BEGIN

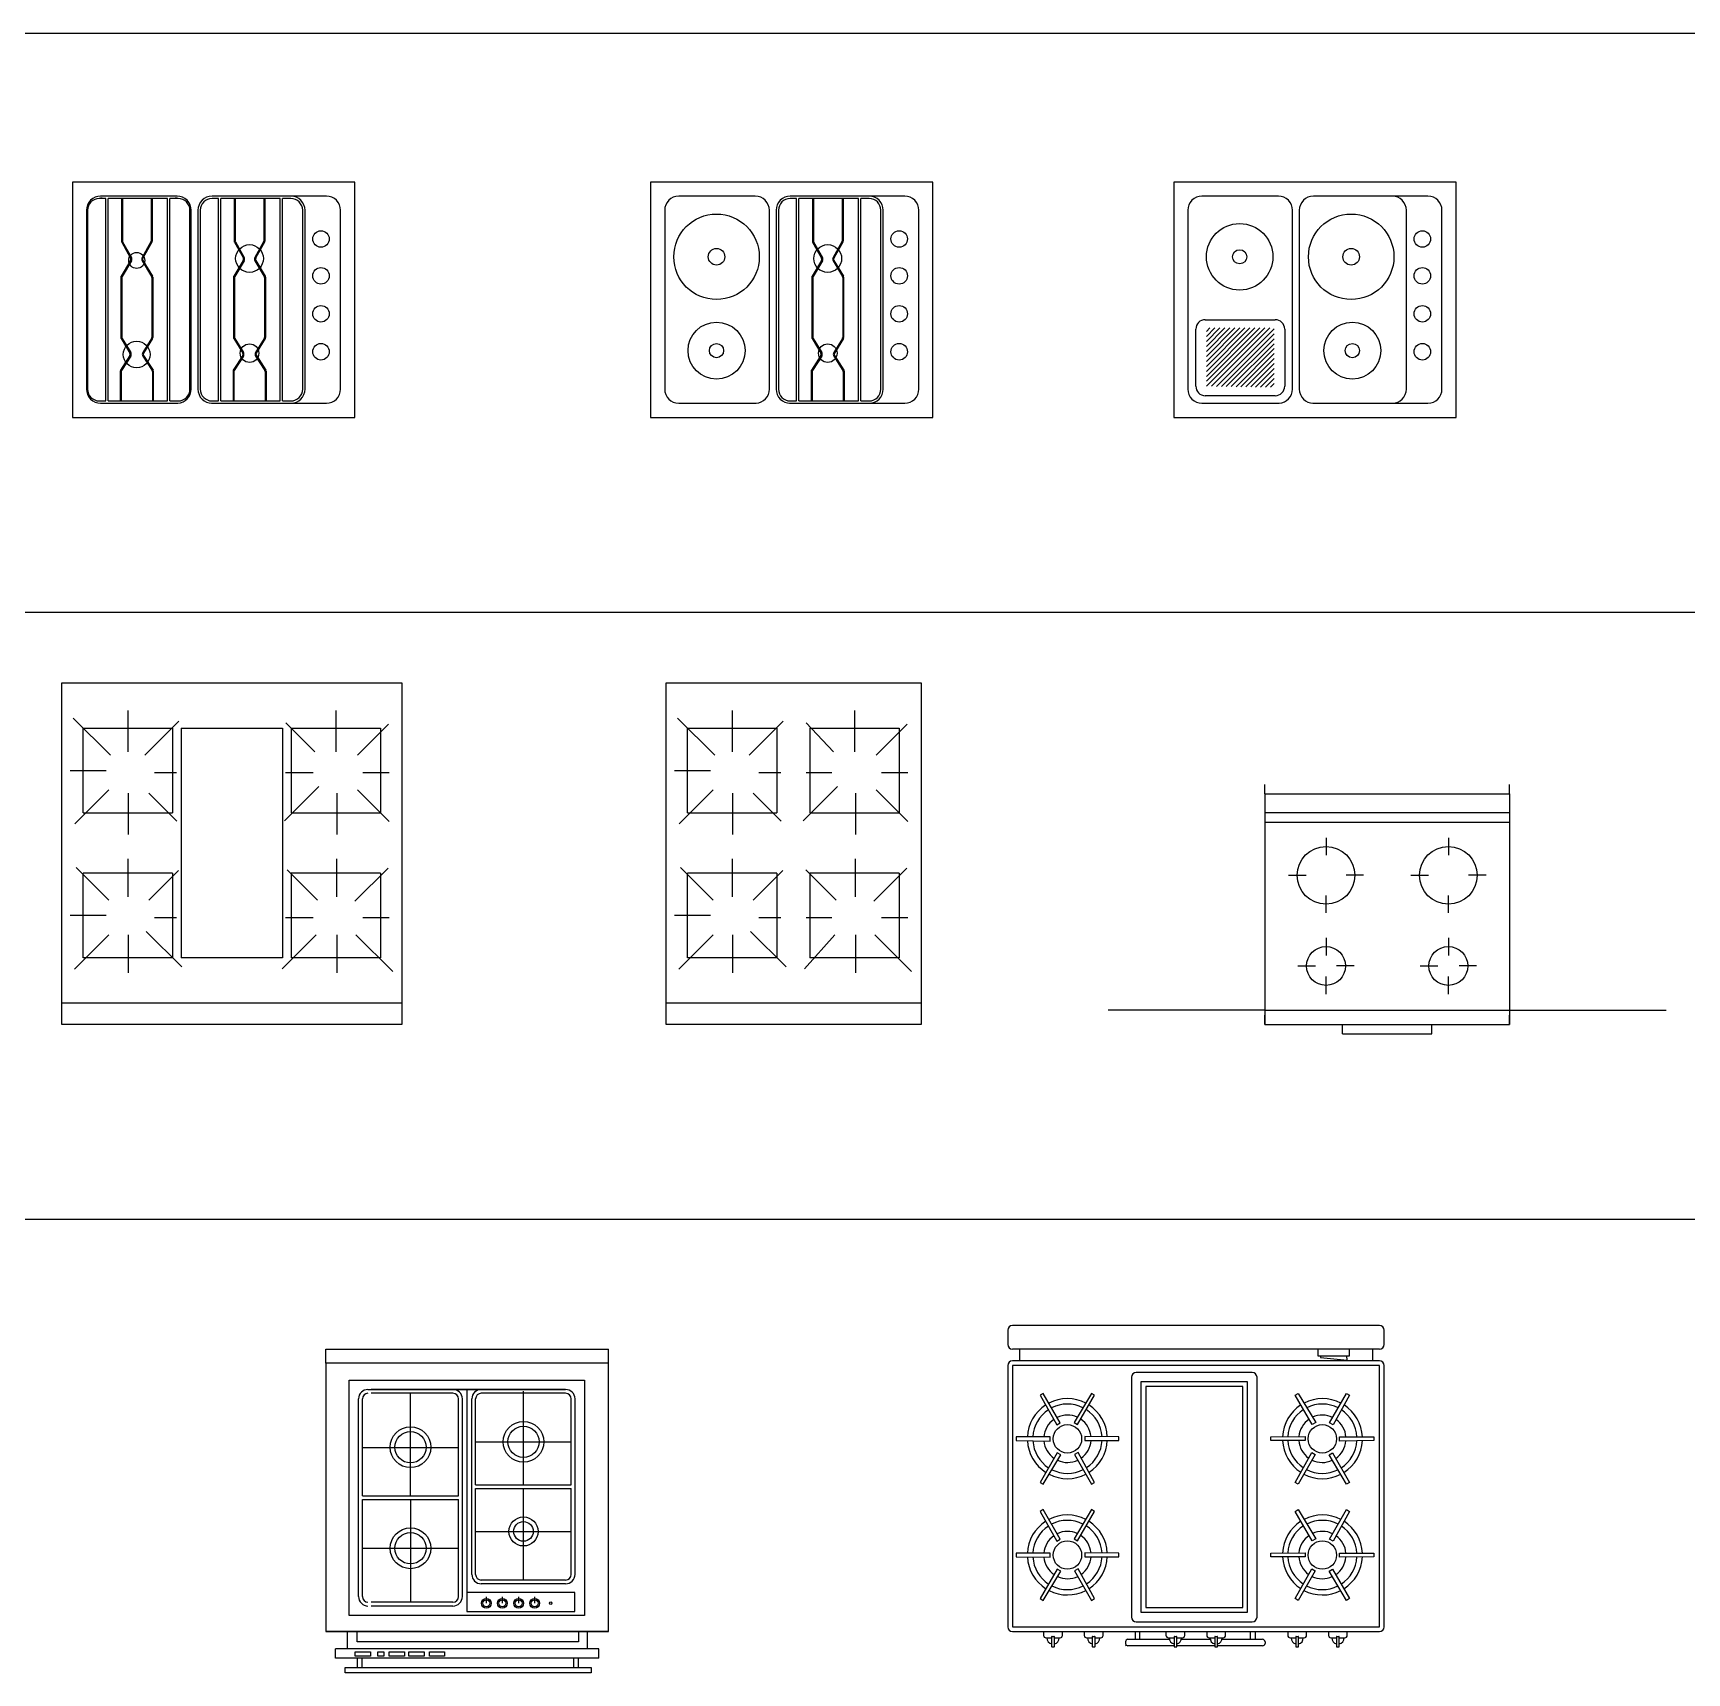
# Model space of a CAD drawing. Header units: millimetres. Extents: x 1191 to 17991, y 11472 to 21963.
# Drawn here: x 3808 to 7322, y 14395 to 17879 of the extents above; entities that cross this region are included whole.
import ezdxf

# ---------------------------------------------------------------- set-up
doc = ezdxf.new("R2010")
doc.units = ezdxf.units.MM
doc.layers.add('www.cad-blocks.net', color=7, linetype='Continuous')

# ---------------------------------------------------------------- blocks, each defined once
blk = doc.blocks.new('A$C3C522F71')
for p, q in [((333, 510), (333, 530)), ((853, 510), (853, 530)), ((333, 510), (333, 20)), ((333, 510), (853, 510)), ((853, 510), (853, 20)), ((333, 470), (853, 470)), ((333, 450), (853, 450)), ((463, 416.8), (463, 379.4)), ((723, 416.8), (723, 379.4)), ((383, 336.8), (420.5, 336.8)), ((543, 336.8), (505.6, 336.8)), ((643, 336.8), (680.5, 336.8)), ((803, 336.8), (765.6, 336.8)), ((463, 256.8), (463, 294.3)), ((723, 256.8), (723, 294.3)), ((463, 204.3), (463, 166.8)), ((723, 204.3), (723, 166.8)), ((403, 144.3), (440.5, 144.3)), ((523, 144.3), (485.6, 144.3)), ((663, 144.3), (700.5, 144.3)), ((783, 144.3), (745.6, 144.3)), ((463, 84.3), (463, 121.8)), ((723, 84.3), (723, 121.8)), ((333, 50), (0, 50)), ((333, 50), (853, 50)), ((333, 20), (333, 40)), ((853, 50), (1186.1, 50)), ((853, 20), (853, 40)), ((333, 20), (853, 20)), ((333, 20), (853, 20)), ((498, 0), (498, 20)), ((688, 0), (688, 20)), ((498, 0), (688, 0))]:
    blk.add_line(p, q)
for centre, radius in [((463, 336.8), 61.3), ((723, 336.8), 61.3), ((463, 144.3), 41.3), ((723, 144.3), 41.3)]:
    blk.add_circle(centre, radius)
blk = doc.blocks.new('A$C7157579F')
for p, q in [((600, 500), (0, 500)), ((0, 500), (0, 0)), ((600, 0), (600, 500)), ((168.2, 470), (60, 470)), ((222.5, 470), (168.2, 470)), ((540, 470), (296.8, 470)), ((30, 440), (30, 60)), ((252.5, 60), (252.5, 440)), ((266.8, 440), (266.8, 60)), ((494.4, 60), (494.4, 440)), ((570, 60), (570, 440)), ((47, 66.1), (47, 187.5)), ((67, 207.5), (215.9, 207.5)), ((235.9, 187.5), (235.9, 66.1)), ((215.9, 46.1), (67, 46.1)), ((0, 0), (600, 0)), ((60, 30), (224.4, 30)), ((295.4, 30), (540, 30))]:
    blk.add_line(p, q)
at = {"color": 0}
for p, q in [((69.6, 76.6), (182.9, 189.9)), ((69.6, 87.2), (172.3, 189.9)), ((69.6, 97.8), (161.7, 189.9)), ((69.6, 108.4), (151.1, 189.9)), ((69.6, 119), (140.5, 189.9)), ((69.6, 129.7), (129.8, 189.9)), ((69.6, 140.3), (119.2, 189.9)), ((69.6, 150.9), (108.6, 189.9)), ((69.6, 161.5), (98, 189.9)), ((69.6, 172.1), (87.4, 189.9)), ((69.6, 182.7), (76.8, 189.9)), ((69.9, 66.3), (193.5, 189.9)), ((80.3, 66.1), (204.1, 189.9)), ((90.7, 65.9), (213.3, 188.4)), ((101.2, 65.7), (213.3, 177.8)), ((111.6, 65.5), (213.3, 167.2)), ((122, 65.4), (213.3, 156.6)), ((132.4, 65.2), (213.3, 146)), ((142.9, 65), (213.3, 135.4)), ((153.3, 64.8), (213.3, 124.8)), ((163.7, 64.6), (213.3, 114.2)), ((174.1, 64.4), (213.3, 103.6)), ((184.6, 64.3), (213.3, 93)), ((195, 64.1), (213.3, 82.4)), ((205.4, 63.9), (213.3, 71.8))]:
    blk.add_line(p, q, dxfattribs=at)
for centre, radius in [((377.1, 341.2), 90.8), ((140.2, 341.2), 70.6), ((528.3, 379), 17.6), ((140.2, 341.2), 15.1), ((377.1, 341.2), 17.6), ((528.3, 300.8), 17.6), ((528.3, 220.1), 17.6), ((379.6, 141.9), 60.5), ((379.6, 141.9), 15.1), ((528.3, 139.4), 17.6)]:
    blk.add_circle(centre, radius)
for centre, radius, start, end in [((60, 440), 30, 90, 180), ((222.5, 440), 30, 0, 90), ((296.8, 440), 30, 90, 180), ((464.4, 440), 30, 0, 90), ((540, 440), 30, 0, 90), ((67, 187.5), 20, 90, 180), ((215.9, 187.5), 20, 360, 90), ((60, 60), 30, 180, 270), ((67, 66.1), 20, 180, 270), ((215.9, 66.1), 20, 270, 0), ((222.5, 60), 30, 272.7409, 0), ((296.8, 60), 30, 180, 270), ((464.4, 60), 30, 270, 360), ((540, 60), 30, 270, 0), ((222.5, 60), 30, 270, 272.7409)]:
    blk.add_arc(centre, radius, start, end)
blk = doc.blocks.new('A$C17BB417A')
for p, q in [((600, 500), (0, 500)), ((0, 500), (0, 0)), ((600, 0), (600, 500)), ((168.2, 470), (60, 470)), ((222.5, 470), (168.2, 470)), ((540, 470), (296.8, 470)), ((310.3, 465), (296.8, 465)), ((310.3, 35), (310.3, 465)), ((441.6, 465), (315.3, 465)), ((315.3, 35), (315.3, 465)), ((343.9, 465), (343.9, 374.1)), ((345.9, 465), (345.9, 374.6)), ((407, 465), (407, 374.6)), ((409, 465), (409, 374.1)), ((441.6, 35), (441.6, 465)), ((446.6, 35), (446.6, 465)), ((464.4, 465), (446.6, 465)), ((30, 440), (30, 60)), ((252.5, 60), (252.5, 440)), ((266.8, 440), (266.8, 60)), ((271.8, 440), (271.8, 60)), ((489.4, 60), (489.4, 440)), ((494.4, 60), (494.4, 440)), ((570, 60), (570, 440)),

END

PROBLEM REQUIREMENTS —
Output all entries unchanged; skip the pictures.

RESPONSE TO THE EXERCISE —
# Model space of a CAD drawing. Header units: millimetres. Extents: x 1191 to 17991, y 11472 to 21963.
# Drawn here: x 3808 to 7322, y 14395 to 17879 of the extents above; entities that cross this region are included whole.
import ezdxf

# ---------------------------------------------------------------- set-up
doc = ezdxf.new("R2010")
doc.units = ezdxf.units.MM
doc.layers.add('www.cad-blocks.net', color=7, linetype='Continuous')

# ---------------------------------------------------------------- blocks, each defined once
blk = doc.blocks.new('A$C3C522F71')
for p, q in [((333, 510), (333, 530)), ((853, 510), (853, 530)), ((333, 510), (333, 20)), ((333, 510), (853, 510)), ((853, 510), (853, 20)), ((333, 470), (853, 470)), ((333, 450), (853, 450)), ((463, 416.8), (463, 379.4)), ((723, 416.8), (723, 379.4)), ((383, 336.8), (420.5, 336.8)), ((543, 336.8), (505.6, 336.8)), ((643, 336.8), (680.5, 336.8)), ((803, 336.8), (765.6, 336.8)), ((463, 256.8), (463, 294.3)), ((723, 256.8), (723, 294.3)), ((463, 204.3), (463, 166.8)), ((723, 204.3), (723, 166.8)), ((403, 144.3), (440.5, 144.3)), ((523, 144.3), (485.6, 144.3)), ((663, 144.3), (700.5, 144.3)), ((783, 144.3), (745.6, 144.3)), ((463, 84.3), (463, 121.8)), ((723, 84.3), (723, 121.8)), ((333, 50), (0, 50)), ((333, 50), (853, 50)), ((333, 20), (333, 40)), ((853, 50), (1186.1, 50)), ((853, 20), (853, 40)), ((333, 20), (853, 20)), ((333, 20), (853, 20)), ((498, 0), (498, 20)), ((688, 0), (688, 20)), ((498, 0), (688, 0))]:
    blk.add_line(p, q)
for centre, radius in [((463, 336.8), 61.3), ((723, 336.8), 61.3), ((463, 144.3), 41.3), ((723, 144.3), 41.3)]:
    blk.add_circle(centre, radius)
blk = doc.blocks.new('A$C7157579F')
for p, q in [((600, 500), (0, 500)), ((0, 500), (0, 0)), ((600, 0), (600, 500)), ((168.2, 470), (60, 470)), ((222.5, 470), (168.2, 470)), ((540, 470), (296.8, 470)), ((30, 440), (30, 60)), ((252.5, 60), (252.5, 440)), ((266.8, 440), (266.8, 60)), ((494.4, 60), (494.4, 440)), ((570, 60), (570, 440)), ((47, 66.1), (47, 187.5)), ((67, 207.5), (215.9, 207.5)), ((235.9, 187.5), (235.9, 66.1)), ((215.9, 46.1), (67, 46.1)), ((0, 0), (600, 0)), ((60, 30), (224.4, 30)), ((295.4, 30), (540, 30))]:
    blk.add_line(p, q)
at = {"color": 0}
for p, q in [((69.6, 76.6), (182.9, 189.9)), ((69.6, 87.2), (172.3, 189.9)), ((69.6, 97.8), (161.7, 189.9)), ((69.6, 108.4), (151.1, 189.9)), ((69.6, 119), (140.5, 189.9)), ((69.6, 129.7), (129.8, 189.9)), ((69.6, 140.3), (119.2, 189.9)), ((69.6, 150.9), (108.6, 189.9)), ((69.6, 161.5), (98, 189.9)), ((69.6, 172.1), (87.4, 189.9)), ((69.6, 182.7), (76.8, 189.9)), ((69.9, 66.3), (193.5, 189.9)), ((80.3, 66.1), (204.1, 189.9)), ((90.7, 65.9), (213.3, 188.4)), ((101.2, 65.7), (213.3, 177.8)), ((111.6, 65.5), (213.3, 167.2)), ((122, 65.4), (213.3, 156.6)), ((132.4, 65.2), (213.3, 146)), ((142.9, 65), (213.3, 135.4)), ((153.3, 64.8), (213.3, 124.8)), ((163.7, 64.6), (213.3, 114.2)), ((174.1, 64.4), (213.3, 103.6)), ((184.6, 64.3), (213.3, 93)), ((195, 64.1), (213.3, 82.4)), ((205.4, 63.9), (213.3, 71.8))]:
    blk.add_line(p, q, dxfattribs=at)
for centre, radius in [((377.1, 341.2), 90.8), ((140.2, 341.2), 70.6), ((528.3, 379), 17.6), ((140.2, 341.2), 15.1), ((377.1, 341.2), 17.6), ((528.3, 300.8), 17.6), ((528.3, 220.1), 17.6), ((379.6, 141.9), 60.5), ((379.6, 141.9), 15.1), ((528.3, 139.4), 17.6)]:
    blk.add_circle(centre, radius)
for centre, radius, start, end in [((60, 440), 30, 90, 180), ((222.5, 440), 30, 0, 90), ((296.8, 440), 30, 90, 180), ((464.4, 440), 30, 0, 90), ((540, 440), 30, 0, 90), ((67, 187.5), 20, 90, 180), ((215.9, 187.5), 20, 360, 90), ((60, 60), 30, 180, 270), ((67, 66.1), 20, 180, 270), ((215.9, 66.1), 20, 270, 0), ((222.5, 60), 30, 272.7409, 0), ((296.8, 60), 30, 180, 270), ((464.4, 60), 30, 270, 360), ((540, 60), 30, 270, 0), ((222.5, 60), 30, 270, 272.7409)]:
    blk.add_arc(centre, radius, start, end)
blk = doc.blocks.new('A$C17BB417A')
for p, q in [((600, 500), (0, 500)), ((0, 500), (0, 0)), ((600, 0), (600, 500)), ((168.2, 470), (60, 470)), ((222.5, 470), (168.2, 470)), ((540, 470), (296.8, 470)), ((310.3, 465), (296.8, 465)), ((310.3, 35), (310.3, 465)), ((441.6, 465), (315.3, 465)), ((315.3, 35), (315.3, 465)), ((343.9, 465), (343.9, 374.1)), ((345.9, 465), (345.9, 374.6)), ((407, 465), (407, 374.6)), ((409, 465), (409, 374.1)), ((441.6, 35), (441.6, 465)), ((446.6, 35), (446.6, 465)), ((464.4, 465), (446.6, 465)), ((30, 440), (30, 60)), ((252.5, 60), (252.5, 440)), ((266.8, 440), (266.8, 60)), ((271.8, 440), (271.8, 60)), ((489.4, 60), (489.4, 440)), ((494.4, 60), (494.4, 440)), ((570, 60), (570, 440)),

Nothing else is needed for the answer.